Perhaps we are better off if we say that John's main purpose is to witness Or point to the true meaning of Jesus Christ (20:31), both to confirm the faith of the believer, and to commend it to the outsider. The primitive Christian tradition, enshrined in the synoptic gospels, speaks about Jesus proclaiming the Gospel of the kingdom. For John, Jesus is the Gospel. The truth that lies concealed like a secret in Mark, is now openly stated. In Jesus, the holy God has come into the life of sinful man, into the flesh and sin of history itself. Man cannot know God, John says again and again (1:18, 3:13, 5:37), but Jesus Christ has made him known.

To John, the primitive tradition of the synoptics was too fragmentary and piecemeal. Men could wander in it and pick and choose. This tradition needed to be reshaped and presented in its decisive clarity. The key to John's achievement is the tension between ". . . unless you eat the flesh of the Son of man and drink his blood, you have no life in you" (6:53) and "It is the spirit that gives life, the flesh is of no avail" (6:63). The basic meaning of the primitive faith is Jesus Christ in his concrete historical life and death. But unless we see that the Spirit (God) is acting in this flesh, we shall miss the central clue. John simply points to this man of flesh, and invites us to respond to him.

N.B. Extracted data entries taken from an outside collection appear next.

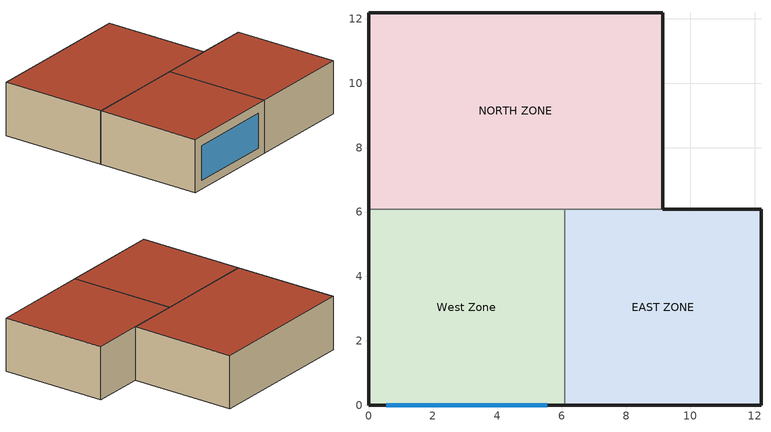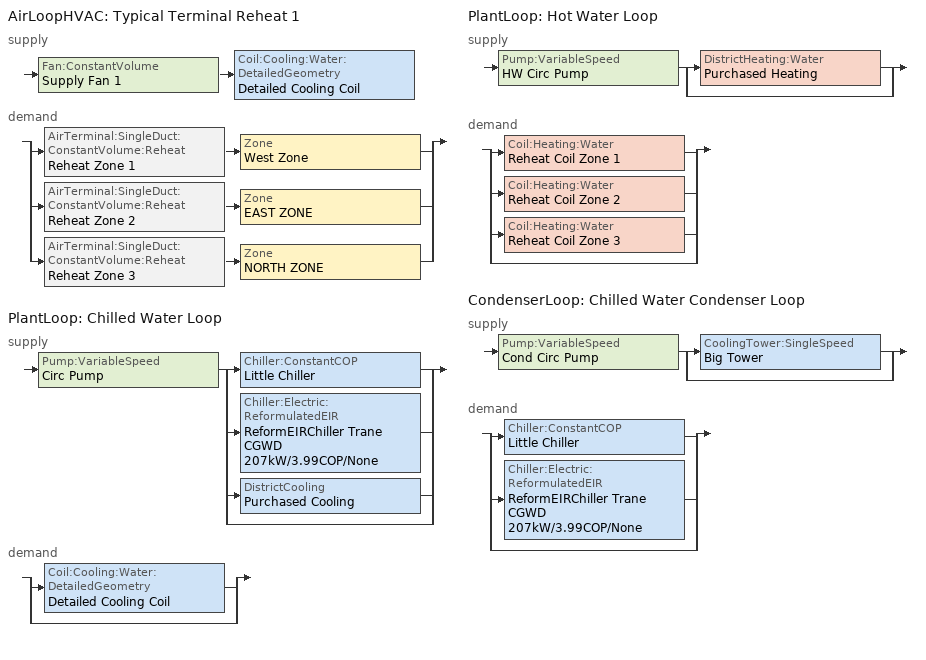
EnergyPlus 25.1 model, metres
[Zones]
West Zone
 floor adiabatic (FLOOR SLAB 8 IN): 0,0 0,6.1 6.1,6.1 6.1,0 z0
 wall outside (EXTWALL80): 0,6.1 0,0 6.1,0 z0:3.05
 wall to NORTH ZONE (PARTITION06): 6.1,6.1 0,6.1 z0:3.05
 wall to EAST ZONE (PARTITION06): 6.1,0 6.1,6.1 z0:3.05
 window (WIN-CON-LIGHT): 0.55,0 5.55,0 z0.5:2.5
 roof outside (ROOF34): 0,6.1 0,0 6.1,0 6.1,6.1 z3.05
EAST ZONE
 floor adiabatic (FLOOR SLAB 8 IN): 6.1,0 6.1,6.1 12.19,6.1 12.19,0 z0
 wall outside (EXTWALL80): 6.1,0 12.19,0 12.19,6.1 9.14,6.1 z0:3.05
 wall to NORTH ZONE (PARTITION06): 9.14,6.1 6.1,6.1 z0:3.05
 roof outside (ROOF34): 6.1,6.1 6.1,0 12.19,0 12.19,6.1 z3.05
NORTH ZONE
 floor adiabatic (FLOOR SLAB 8 IN): 0,6.1 0,12.19 9.14,12.19 9.14,6.1 z0
 wall outside (EXTWALL80): 9.14,6.1 9.14,12.19 0,12.19 0,6.1 z0:3.05
 roof outside (ROOF34): 0,12.19 0,6.1 9.14,6.1 9.14,12.19 z3.05
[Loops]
AirLoopHVAC 'Typical Terminal Reheat 1'
 supply: Fan:ConstantVolume 'Supply Fan 1' > Coil:Cooling:Water:DetailedGeometry 'Detailed Cooling Coil'
 demand: split
  | AirTerminal:SingleDuct:ConstantVolume:Reheat 'Reheat Zone 1' > Zone 'West Zone'
  | AirTerminal:SingleDuct:ConstantVolume:Reheat 'Reheat Zone 2' > Zone 'EAST ZONE'
  | AirTerminal:SingleDuct:ConstantVolume:Reheat 'Reheat Zone 3' > Zone 'NORTH ZONE'
PlantLoop 'Chilled Water Loop'
 supply: Pump:VariableSpeed 'Circ Pump' > split
  | Chiller:ConstantCOP 'Little Chiller'
  | Chiller:Electric:ReformulatedEIR 'ReformEIRChiller Trane CGWD 207kW/3.99COP/None'
  | DistrictCooling 'Purchased Cooling'
  | bypass
 demand: split
  | Coil:Cooling:Water:DetailedGeometry 'Detailed Cooling Coil'
  | bypass
PlantLoop 'Hot Water Loop'
 supply: Pump:VariableSpeed 'HW Circ Pump' > split
  | DistrictHeating:Water 'Purchased Heating'
  | bypass
 demand: split
  | Coil:Heating:Water 'Reheat Coil Zone 1'
  | Coil:Heating:Water 'Reheat Coil Zone 2'
  | Coil:Heating:Water 'Reheat Coil Zone 3'
  | bypass
CondenserLoop 'Chilled Water Condenser Loop'
 supply: Pump:VariableSpeed 'Cond Circ Pump' > split
  | CoolingTower:SingleSpeed 'Big Tower'
  | bypass
 demand: split
  | Chiller:ConstantCOP 'Little Chiller'
  | Chiller:Electric:ReformulatedEIR 'ReformEIRChiller Trane CGWD 207kW/3.99COP/None'
  | bypass
[Building]
NONE: North Axis {deg}=0; Terrain=Suburbs; Loads Convergence Tolerance Value {W}=0.04; Temperature Convergence Tolerance Value {deltaC}=0.4; Solar Distribution=FullInteriorAndExterior; Maximum Number of Warmup Days=25; Minimum Number of Warmup Days=6
[Site:Location]
Chicago Ohare Intl Ap IL USA WMO=725300: Latitude {deg}=41.99; Longitude {deg}=-87.91; Time Zone {hr}=-6; Elevation {m}=205
[SizingPeriod:DesignDay] Day of Month=21; Humidity Condition Type=Wetbulb; Barometric Pressure {Pa}=98886; Rain Indicator=No; Snow Indicator=No; Daylight Saving Time Indicator=No; Solar Model Indicator=ASHRAEClearSky
Name | Month | Day Type | Maximum Dry-Bulb Temperature {C} | Daily Dry-Bulb Temperature Range {deltaC} | Wetbulb or DewPoint at Maximum Dry-Bulb {C} | Wind Speed {m/s} | Wind Direction {deg} | Sky Clearness
Chicago Ohare Intl Ap Ann Htg 99% Condns DB | 1 | WinterDesignDay | -16.6 | 0 | -16.6 | 4.9 | 270 | 0
Chicago Ohare Intl Ap Ann Clg 1% Condns DB=>MWB | 7 | SummerDesignDay | 31.6 | 10.5 | 23 | 5.2 | 230 | 1
[Site:GroundTemperature:BuildingSurface]
20.03, 20.03, 20.13, 20.3, 20.43, 20.52, 20.62, 20.77, 20.78, 20.55, 20.44, 20.2
[Material] Thermal Absorptance=0.9
Name | Roughness | Thickness {m} | Conductivity {W/m-K} | Density {kg/m3} | Specific Heat {J/kg-K} | Solar Absorptance | Visible Absorptance
A1 - 1 IN STUCCO | Smooth | 0.0253898 | 0.691831 | 1858.142 | 836.8 | 0.92 | 0.92
C4 - 4 IN COMMON BRICK | Rough | 0.101498 | 0.726422 | 1922.216 | 836.8 | 0.76 | 0.76
E1 - 3 / 4 IN PLASTER OR GYP BOARD | Smooth | 0.01905 | 0.726422 | 1601.846 | 836.8 | 0.92 | 0.92
C6 - 8 IN CLAY TILE | Smooth | 0.203302 | 0.570761 | 1121.292 | 836.8 | 0.82 | 0.82
C10 - 8 IN HW CONCRETE | MediumRough | 0.203302 | 1.729577 | 2242.585 | 836.8 | 0.65 | 0.65
E2 - 1 / 2 IN SLAG OR STONE | Rough | 0.0127102 | 1.435549 | 881.0155 | 1673.6 | 0.55 | 0.55
E3 - 3 / 8 IN FELT AND MEMBRANE | Rough | 0.00954024 | 0.190253 | 1121.292 | 1673.6 | 0.75 | 0.75
B5 - 1 IN DENSE INSULATION | VeryRough | 0.0253898 | 0.0432394 | 91.30524 | 836.8 | 0.5 | 0.5
C12 - 2 IN HW CONCRETE | MediumRough | 0.0509016 | 1.729577 | 2242.585 | 836.8 | 0.65 | 0.65
[WindowMaterial:Glazing]
WIN-LAY-GLASS-LIGHT: Optical Data Type=SpectralAverage; Thickness {m}=0.003; Solar Transmittance at Normal Incidence=0.9; Front Side Solar Reflectance at Normal Incidence=0.031; Back Side Solar Reflectance at Normal Incidence=0.031; Visible Transmittance at Normal Incidence=0.9; Front Side Visible Reflectance at Normal Incidence=0.05; Back Side Visible Reflectance at Normal Incidence=0.05; Infrared Transmittance at Normal Incidence=0; Front Side Infrared Hemispherical Emissivity=0.84; Back Side Infrared Hemispherical Emissivity=0.84; Conductivity {W/m-K}=0.9
[Construction]
EXTWALL80: A1 - 1 IN STUCCO, C4 - 4 IN COMMON BRICK, E1 - 3 / 4 IN PLASTER OR GYP BOARD
PARTITION06: E1 - 3 / 4 IN PLASTER OR GYP BOARD, C6 - 8 IN CLAY TILE, E1 - 3 / 4 IN PLASTER OR GYP BOARD
FLOOR SLAB 8 IN: C10 - 8 IN HW CONCRETE
ROOF34: E2 - 1 / 2 IN SLAG OR STONE, E3 - 3 / 8 IN FELT AND MEMBRANE, B5 - 1 IN DENSE INSULATION, C12 - 2 IN HW CONCRETE
WIN-CON-LIGHT: WIN-LAY-GLASS-LIGHT
[Zone] Type=1; Multiplier=1; Ceiling Height {m}=autocalculate; Volume {m3}=autocalculate
West Zone; EAST ZONE; NORTH ZONE
[People] Number of People Schedule=OFFICE OCCUPANCY; Number of People Calculation Method=people; Fraction Radiant=0.3; Activity Level Schedule=Activity Sch; Carbon Dioxide Generation Rate {m3/s-W}=3.82E-8; Mean Radiant Temperature Calculation Type=EnclosureAveraged; Work Efficiency Schedule=Work Eff Sch; Clothing Insulation Calculation Method=ClothingInsulationSchedule; Clothing Insulation Schedule=Clothing Sch; Air Velocity Schedule=Air Velo Sch; Thermal Comfort Model 1 Type=FANGER
Name | Zone or ZoneList or Space or SpaceList | Number of People
West Zone | West Zone | 3
EAST ZONE | EAST ZONE | 3
NORTH ZONE | NORTH ZONE | 4
[ElectricEquipment] Schedule=INTERMITTENT; Design Level Calculation Method=EquipmentLevel; Fraction Latent=0; Fraction Radiant=0.3; Fraction Lost=0
Name | Zone or ZoneList or Space or SpaceList | Design Level {W}
West Zone ElecEq 1 | West Zone | 2928.751
EAST ZONE ElecEq 1 | EAST ZONE | 1464.375
NORTH ZONE ElecEq 1 | NORTH ZONE | 2928.751
[Lights] Schedule=OFFICE LIGHTING; Design Level Calculation Method=LightingLevel; Return Air Fraction=0; Fraction Radiant=0.2; Fraction Visible=0.2; Fraction Replaceable=0
Name | Zone or ZoneList or Space or SpaceList | Lighting Level {W}
EAST ZONE Lights 1 | EAST ZONE | 1464.375
NORTH ZONE Lights 1 | NORTH ZONE | 878.6252
[AirLoopHVAC]
Typical Terminal Reheat 1: Design Supply Air Flow Rate {m3/s}=1.3
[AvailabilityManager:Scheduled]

Our task here will be simply to see what it is that John stresses. We shall spend little time trying to unravel the complicated question of history and interpretation, Is this Jesus or the early church speaking? Even if we could disentangle eyewitness account from interpretative addition, it would tell us little. The author's purpose, upon which he invites us to concentrate, is to declare that Jesus Christ actually was, from the beginning. what the church discovered him to be.